While many students were enjoying Friday’s pleasant weather, a group of about 25 undergraduates, Law students and faculty gathered in the Quadrangle’s McClelland Hall for an afternoon symposium on the future of affirmative action in America.
The program, entitled “Rethinking the Remedy: The Future of Affirmative Action in Higher Education and in the Workplace,” was divided into three panel discussions. Each panel addressed topics ranging from proposals to enact class-based methods of minority recruitment to current cases challenging race-based preferences at colleges and universities around the country.
The first panel featured a keynote address by Richard Kahlenberg, author of The Remedy: Class, Race, and Affirmative Action. In the book, Kahlenberg argues for affirmative action policies based on economic status rather than race or gender.
“The argument for class-based preferences is that you can produce a rich economic and racial diversity [on college campuses] with means that can be fully justified as fair,” he said.
Rather than consider an applicant’s race in deciding whether to grant admission, Kahlenberg argued, educational institutions could create an “obstacles test” to gauge the barriers a candidate had confronted due to socioeconomic status. Based on the results of this test, which would include information about the parents’ income, family structure, high school quality and the neighborhood in which the applicant had been raised, the university could give preference to those students who had to overcome more obstacles.
“If you do well despite all these obstacles, then there’s something very special that we’d want to tap into,” Kahlenberg said.
History Professor Thomas Sugrue, an opponent of class-based preferences, was one of two respondents to Kahlenberg’s address. Sugrue argued that considering race is the best way to address the gaps in opportunities.
“Class-based affirmative action cannot respond adequately? to the persistent racial divisions in virtually every aspect of American life,” Sugrue said.

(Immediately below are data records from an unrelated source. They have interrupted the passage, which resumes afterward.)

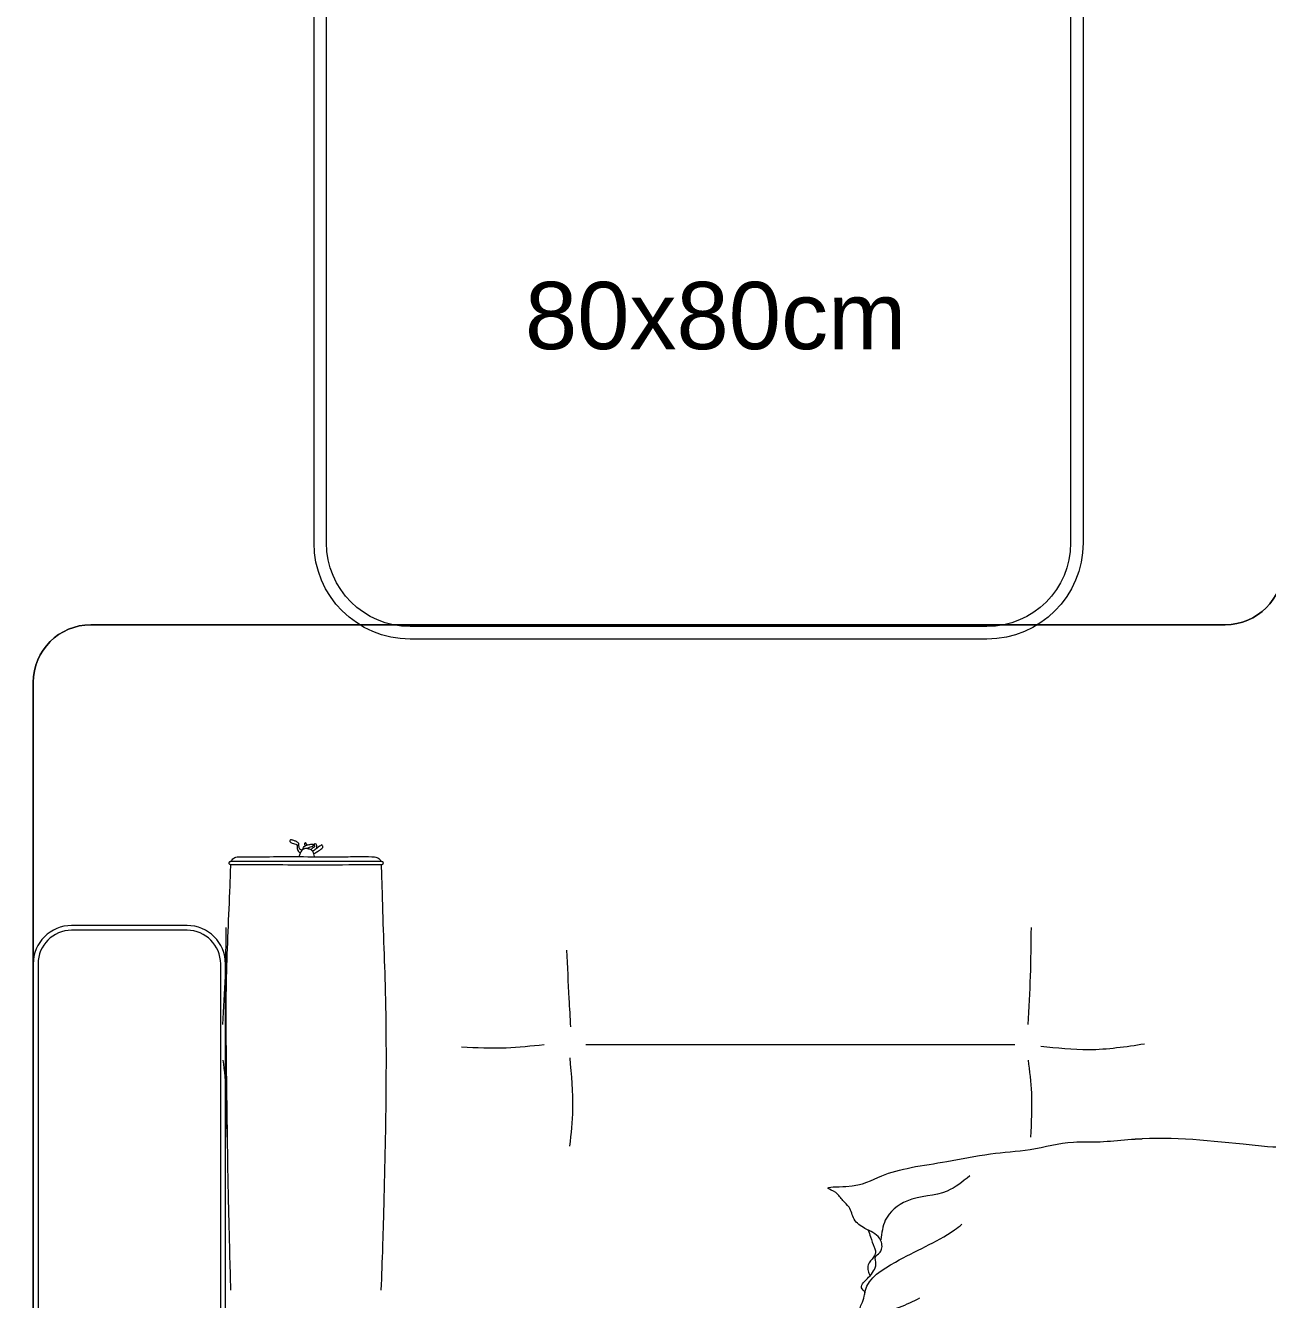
# Model space of a CAD drawing. Header units: centimetres. Extents: x 5488 to 20269, y -31398 to -19684.
# Drawn here: x 11761.7 to 11890.9, y -23941.9 to -23809.3 of the extents above; entities that cross this region are included whole.
import ezdxf

# ---------------------------------------------------------------- set-up
doc = ezdxf.new("R2010")
doc.units = ezdxf.units.CM
doc.set_wipeout_variables(frame=1)
doc.linetypes.add('( Hidden )', pattern=[0.375, 0.25, -0.125])
doc.linetypes.add('DOT', pattern=[0.25, 0, -0.25])
doc.layers.add('wipeout', color=7, linetype='Continuous', true_color=0xffffff)
for name, color, linetype, lineweight in [('xxx_Auto_FFE_UPHOLSTERY', 67, 'Continuous', 20), ('xxx_Auto_FFE_WOOD', 36, 'Continuous', 0), ('xxx_Auto_Kaplama_Ahşap Tarama', 16, 'Continuous', 5), ('xxx_Auto_Tefris_Tefris', 32, 'Continuous', 15), ('xxx_Auto_Yardimci_Yazi', 7, 'Continuous', 9)]:
    doc.layers.add(name, color=color, linetype=linetype, lineweight=lineweight)
doc.styles.add('4N_100', font='arial.ttf', dxfattribs={"height": 16})

# ---------------------------------------------------------------- blocks, each defined once
blk = doc.blocks.new('uyt6ueueyu')
at = {"linetype": 'DOT'}
blk.add_wipeout([(-901.9077874563318, 523.8702232043166), (-841.9077874563314, 523.8702232043091), (-834.8367196444668, 520.9412910161741), (-831.9077874563328, 513.8702232043092), (-831.9077874563319, 451.68378839778853), (-834.8367196444668, 446.79915539244286), (-841.9077874563318, 443.8702232043088), (-901.9077874563322, 443.8702232043161), (-908.9788552681969, 446.7991553924511), (-911.9077874563309, 453.87022320431606), (-911.9077874563318, 513.8702232043165), (-908.9788552681968, 520.9412910161825)], dxfattribs=at).dxf.layer = 'wipeout'
at = {"color": 0}
for points in [[(-901.90778745633, 523.8702232043161), (-841.9077874563318, 523.8702232043088, -0.4142135623730577), (-831.9077874563318, 513.8702232043088), (-831.9077874563318, 453.8702232043088, -0.4142135623731325), (-841.9077874563318, 443.8702232043088), (-901.9077874563318, 443.8702232043161, -0.4142135623730576), (-911.90778745633, 453.8702232043161), (-911.9077874563318, 513.8702232043161, -0.4142135623731324)], [(-901.90778745633, 522.5702232043168), (-841.9077874563318, 522.5702232043095, -0.4142135623730618), (-833.2077874563329, 513.8702232043088), (-833.2077874563311, 453.8702232043088, -0.4142135623731326), (-841.9077874563318, 445.1702232043081), (-901.9077874563318, 445.1702232043153, -0.4142135623730618), (-910.6077874563307, 453.8702232043161), (-910.6077874563307, 513.8702232043161, -0.4142135623731326)]]:
    blk.add_lwpolyline(points, format="xyb", close=True, dxfattribs=at)
at = {"layer": 'xxx_Auto_Yardimci_Yazi', "color": 0, "linetype": '( Hidden )', "ltscale": 50, "style": '4N_100'}
blk.add_text('80x80cm', height=7, rotation=90, dxfattribs=at).set_placement((-862.0643524654037, 465.8070606345846))
blk = doc.blocks.new('lf01_sedir baza')
at = {"layer": 'xxx_Auto_FFE_WOOD'}
blk.add_lwpolyline([(3526.075064179525, 1344.286187823665), (3526.075064179525, 1126.286187823665, -0.4142135623730945), (3520.075064179525, 1120.286187823665), (3424.575064179525, 1120.286187823665, -0.4142135623730951), (3418.575064179525, 1126.286187823665), (3418.575064179525, 1244.286187823665, 0.4142135623730951), (3412.575064179525, 1250.286187823665), (3224.575064179525, 1250.286187823665, -0.4142135623730945), (3218.575064179525, 1256.286187823665), (3218.575064179525, 1265.286187823665)], format="xyb", dxfattribs=at)
blk = doc.blocks.new('mimder plan')
blk.add_line((43.70716543596973, -127.8974161573933), (43.70716543596973, -172.5333952603651))
for points in [[(-196, -10.5), (-196, -95, 0.4142135623730951), (-191, -100), (-5.99997067260756, -100, -0.4142135623730951), (2.932739243988181e-05, -106), (2.932739243988181e-05, -224.0000000000036, 0.4142135623731054), (6.00002932739244, -230.0000000000036), (97.00005865478215, -230.0000000000036, 0.4142135623730951), (103.0000586547822, -224.0000000000036), (103.0000586547822, -10.5, 0.4142135623730951), (97.00005865478215, -4.5), (-190, -4.5, 0.414213562373095)], [(80.79295187360003, -226), (80.79295187360003, -214, 0.414213562373095), (77.29295187360003, -210.5), (35.29295187360003, -210.5, 0.414213562373095), (31.79295187360003, -214), (31.79295187360003, -226, 0.414213562373095), (35.29295187360003, -229.5), (77.29295187360003, -229.5, 0.414213562373095)]]:
    blk.add_lwpolyline(points, format="xyb", close=True)
blk.add_lwpolyline([(81.29295187360003, -214, 0.414213562373095), (77.29295187360003, -210), (35.29295187360003, -210, 0.414213562373095), (31.29295187360003, -214), (31.29295187360003, -226, 0.414213562373095), (35.29295187360003, -230), (77.29295187360003, -230, 0.414213562373095), (81.29295187360003, -226)], format="xyb")
for points in [[(43.8333507998268, -125.1833985334561), (44.19659470240185, -120.1958351202666), (43.60219472502831, -114.4155488594552)], [(41.59229645655614, -126.5135790910354), (36.54896895452657, -126.2613513481592), (31.505641452497, -126.1772713013597)], [(45.29073662471092, -126.5135790910354), (48.73263612923074, -126.1772713013597), (53.32746191655497, -126.2613513481592)], [(41.84445807927295, -174.0743193661147), (38.90252178880655, -174.2424794597173), (33.85919428677698, -174.4947072025898)], [(45.04939721478695, -174.1922054575443), (50.41811483272068, -173.9061716700417), (54.23660978627049, -174.202187488012)], [(43.70716543596973, -176.8658959362001), (44.0433872694357, -180.817447377849), (43.95933656345915, -185.4416143988492)], [(69.21862792673528, -193.7901314377268), (64.68449223064272, -193.6287095718544), (61.78951977046927, -193.5465006495724), (37.49860267478834, -193.3652217129966), (27.25364335369341, -193.7009499540436), (25.07397594643589, -193.7820224507414), (24.95643862329052, -193.790420011137)], [(24.63366121547188, -209.4040880424473), (24.45841164907506, -209.3139822345911), (24.18677465430846, -208.9130019408112), (24.13961230375753, -208.34294430519), (24.15101529953427, -207.5961804246581), (24.13200928556216, -205.436743960443), (24.14077175509919, -198.314414163222), (24.12160346026394, -196.1831576045697), (24.13200928556216, -194.7636571953481), (24.20353114825593, -194.254185167767), (24.30692422595712, -194.047178400433), (24.45841164907506, -193.8981535462917), (24.57233813585299, -193.8396499499177), (24.6380424941508, -193.82104980636), (24.64137093681893, -193.8239218726922)], [(24.95886885789696, -209.2638845986294), (24.96006375462639, -209.361133164577), (24.95568247594383, -209.4607891270862), (24.94201063999026, -209.519475915884), (24.90006639991225, -209.5957785525461), (24.8628707193584, -209.6295132036503), (24.79795784862836, -209.6503236047029), (24.75414541311875, -209.6437502288136), (24.7147142562917, -209.6196474226599), (24.6818549296604, -209.5670599020705), (24.64127458881012, -209.4855384820949), (24.6380424941508, -209.4520245403219), (24.63485611220131, -209.2638845986294), (24.63366121547188, -208.9763974396919), (24.63519321093372, -208.5519920377337), (24.63106963493374, -201.3282005645779), (24.63366121547188, -199.7627637307123), (24.6380424941508, -197.6494005326895), (24.63366121547188, -194.0756364924673), (24.63585185480952, -193.8871976202863), (24.6380424941508, -193.7973606701307), (24.64450147254138, -193.7303497262437), (24.6818549296604, -193.6439802733767), (24.75414541311875, -193.5826279092907), (24.83957955697588, -193.5826279092907), (24.90597648005678, -193.6372992929246), (24.93815753686977, -193.6943765830911), (24.95568247594383, -193.7513465254306), (24.95849927743075, -193.7902708886177), (24.95787311528511, -193.9485498560098), (24.96006375462639, -194.1720469468819), (24.96006375462639, -194.5335866002206), (24.97453972468975, -199.8163657490441), (24.96006375462639, -204.0496644711748), (24.95568247594383, -205.5145298926218), (24.96006375462639, -207.6980099131288), (24.95568247594383, -209.0357062838884), (24.95886885789696, -209.2638845986294)], [(23.81748227808021, -200.8210992090062), (23.57748973957678, -200.4171657548577), (23.26412990033532, -199.9706496629005), (23.10596462195281, -199.8604932947565), (23.05087810899749, -199.8896368323003), (22.9491185916213, -199.9375577214087), (22.9488873706814, -199.9376280081233), (23.04946672090409, -200.206357232164), (23.38549514895385, -200.6600566322923), (23.5165981172122, -200.8509778594962), (23.55349159833531, -200.9461638969296)], [(23.26870709248215, -200.5079971544292), (23.08813841494157, -200.492891669026), (22.97703837920744, -200.5136388131905), (22.88396295369785, -200.5272590790992), (22.79861935369081, -200.6581561326602), (22.81571973754217, -200.7396401401529), (22.8669089863597, -200.7773544853408), (23.01047415574612, -200.7396401401529), (23.10325958593785, -200.7323548822897), (23.18701981565937, -200.8475727907025), (23.30735588120842, -201.0253488815433), (23.38478262978788, -201.0838684953014)], [(23.39049651748246, -201.953334901209), (23.18361557716162, -201.8937197610067), (23.00387288288221, -201.7122894470376), (22.89335950113491, -201.3849140372076), (22.82664498489794, -201.0475214050712), (22.82310840740138, -200.9168541516483), (22.86817643011636, -200.8394711598012), (22.91160090105586, -200.8154833585904), (23.01712234915431, -200.910102712558), (23.06320034563578, -200.9564557003432), (23.14521887312185, -201.1815859580165), (23.23794141238068, -201.4285908966849), (23.30667631138749, -201.5477953943155)], [(23.33933993812934, -201.3245986990405), (23.30980738687322, -201.3515201895716), (23.21713773670308, -201.378993943581)], [(24.12769946261142, -200.7435995190208), (23.85100569559472, -200.812413510419), (23.64491757144606, -200.8837891570511), (23.43331289603702, -201.0899659339375), (23.31764777537137, -201.3968969583184), (23.29658896580258, -201.6688270634695), (23.35889454973403, -201.9012425790024), (23.52028958171832, -202.0912937699832), (23.7528368077019, -202.2354932971757), (23.98503790650102, -202.3124636064458), (24.1274491522363, -202.324637105412)], [(23.45984238249548, -202.0453212580796), (23.39301615781187, -202.1863970010454), (23.26507991742801, -202.3180067350077), (23.12160917855545, -202.3487999915124), (22.93581829881987, -202.3648065917623), (22.82696509964626, -202.3720263371215), (22.72455347515097, -202.4052104885632), (22.53050210191032, -202.6951183248748), (22.42768481678468, -202.9777934031445), (22.38067090300501, -203.1422030168906), (22.39582942775633, -203.2232207007874), (22.46697770457286, -203.3214115916926), (22.64044077131803, -203.1957217422932), (22.74885441980769, -202.9227405539459), (22.95676512993123, -202.5501542717466), (23.12160917855545, -202.5501542717466), (23.26631610954246, -202.5429208412315), (23.47630137898705, -202.4695717429277), (23.66489379588347, -202.341864608039), (23.71392509449106, -202.2164330253872)], [(22.93065742316139, -201.5237393794159), (22.82981172546897, -201.5722182301797), (22.75981506951393, -201.6114510492007), (22.69918376575697, -201.6578199868709), (22.65643279343385, -201.6941670771012), (22.72340931589679, -201.7435801231695), (22.77518548869739, -201.7782642739039), (22.85498729904975, -201.7663069567679), (22.93478910940212, -201.7543496396356), (23.01987473033842, -201.7380632736786)], [(69.21868874192842, -209.4362423553794), (65.39077246662237, -209.5455847740195), (60.00193399416275, -209.6763379871518), (46.51658700211738, -209.8808627433173), (36.65606048799054, -209.884441999322), (27.18040762579585, -209.5229472222636), (24.95787311528511, -209.4443555589933)], [(41.59229645655614, -210.2635790910354), (36.54896895452657, -210.0113513481592), (31.505641452497, -209.9272713013597)], [(45.29073662471092, -210.2635790910354), (48.73263612923074, -209.9272713013597), (53.32746191655497, -210.0113513481592)]]:
    blk.add_spline(points, degree=3)
blk.add_wipeout([(57.71528005225842, -83.25702583441252), (57.96465980896127, -82.12294014972089), (58.040281439114764, -81.54298822109484), (58.04804683736458, -81.17431490438692), (58.177231472323555, -80.67682938199822), (58.353785003697325, -80.46901438655159), (58.5826513759753, -80.36104513274942), (58.82300622511296, -80.34268082499186), (58.8230062251033, -80.34268082498967), (58.92450362929556, -80.72200878469111), (58.8972247008891, -80.97953641873893), (59.031352154596135, -81.32828959183193), (59.432114656263636, -81.5878180385033), (60.18191989818453, -81.85759914834206), (60.70672359693782, -82.08574578768192), (61.45223876361892, -82.84671891500075), (62.10697832884411, -83.8165740386624), (62.7159698947266, -84.4727397243081), (63.71470047376134, -85.0285140247518), (64.83764404237716, -85.65355596365681), (65.5947243952206, -85.94962721796153), (66.12126901595062, -86.17211232487473), (66.66107265930435, -86.59041348837526), (66.80312762886075, -86.71596873903863), (67.14982330702209, -86.37745971715886), (67.41895670710949, -86.25809092565358), (67.71422346809682, -86.24367886045489), (68.04417485971429, -86.32884641573176), (68.47861466607796, -86.48359262404904), (68.8311156903137, -86.58735752332679), (70.06320061151311, -86.80921560388134), (70.52234226760494, -86.94043117845547), (71.02417227958063, -87.00059416673888), (71.49611248302134, -86.94044132809769), (71.86185916369796, -86.81508471734624), (72.73623914674576, -86.31225668054701), (73.49391613428416, -85.8217403594139), (74.06059125519765, -85.56681088280855), (74.51827095887573, -85.42325881333811), (75.42588574346189, -85.2575452459549), (76.2451623675288, -85.10862467409123), (76.55688290675073, -84.9767987962872), (76.82006702499558, -84.77262894280058), (77.09351440752593, -84.41140711307332), (77.26793121120814, -84.14790552048629), (77.53012450145438, -83.82671158522767), (77.73741120294586, -83.60754896050699), (77.91337046729757, -83.42214930389298), (78.10800148229828, -83.23280089220867), (78.2456701603792, -83.12706174005778), (78.36414881817666, -83.07542056999826), (78.49172191127349, -83.11419149559941), (78.55184168191062, -83.19894472486703), (78.61423354485107, -83.36974978804436), (78.65911231467409, -83.5750649343007), (78.70895525786564, -83.93801231012627), (78.78624690382802, -84.3949451162314), (78.86427167800268, -84.75357069950374), (78.96060222199961, -85.09587256977403), (79.26637061184158, -85.8706794876831), (80.06432124935625, -87.48240781827828), (80.97733493621787, -89.86431758454559), (81.62362290796206, -91.93958302302072), (82.53321891201074, -95.36954868218588), (83.38336342348427, -99.08602802911628), (84.11682302834942, -103.30513734033322), (84.55637371237165, -106.81739525141543), (84.93857054924571, -109.1242451603215), (85.0164609130621, -110.55254944541214), (85.03945444334045, -111.85043858528175), (85.18984056713909, -112.87045842824216), (85.28657251132174, -113.75776477946322), (85.36374443483298, -115.0074525656508), (85.30864880322852, -116.30629012198105), (85.20163048033977, -117.67681592625436), (85.19605889637862, -119.25137283541157), (85.29251185011461, -119.92109220409873), (85.29091411029972, -120.7784134078957), (85.41203517575697, -122.4252242480695), (85.53612117199255, -124.01547374773989), (85.50937991687782, -125.42922065303716), (85.43212741988859, -126.13955089764293), (85.44843594796843, -127.29958493469546), (85.43154061646143, -128.3101810393716), (85.46876726171772, -128.9051796875795), (85.52463151047293, -129.57728434410095), (85.48077299220397, -131.16715559876337), (85.40749275893312, -120.4393335531417), (85.39029455843308, -121.67120440269602), (85.38186254513485, -122.85229137852518), (85.38656811458462, -124.15301441864828), (85.37400587735097, -125.28067597291269), (85.30080475464182, -126.29956388100148), (85.15150300044219, -127.84578252646318), (85.08998225915911, -128.81147653872728), (84.98530465707286, -129.60222365195798), (84.82208069500912, -130.32557251768455), (84.71591590749823, -130.9451548719417), (84.74934477931234, -131.83079872709706), (84.73174766378132, -132.29468159982005), (84.58080466812358, -133.0106562554588), (84.400661481591, -133.69700693124858), (84.27530628798307, -134.4767701309751), (84.1132573317101, -135.69134528970892), (83.95248799358305, -136.3915263309669), (83.71706700316878, -137.38538912753307), (83.60349715727598, -138.0501394104409), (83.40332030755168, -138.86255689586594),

The second group of panelists came from a range of professions, and each speaker provided a different perspective on the debate. The subjects discussed during this segment included the legal implications of current affirmative action policies, public opinion about the implementation of such policies and the position of Asian Americans in the controversy over race-based initiatives.
Two members of a national pro-affirmative action organization, By Any Means Necessary, sat on the third panel.
Erika Dowdell, a sophomore at the University of Michigan, discussed her role as one of 42 students intervening on behalf of the university in a federal lawsuit filed against the school for using racial quotas in its admissions decisions.
Although the event attracted only a small number of students, those who did attend said they found the discussion engaging and provocative.
College sophomore Lindsey Mathews said she saw today’s program as “a possible departure point, a way of taking a hard-core look at how segregated Penn is even though we’re diverse on paper.”
“It was not possible to walk away from Friday’s symposium unchanged, unchallenged or complacent,” added College sophomore Ari Alexander, one of the organizers of the event.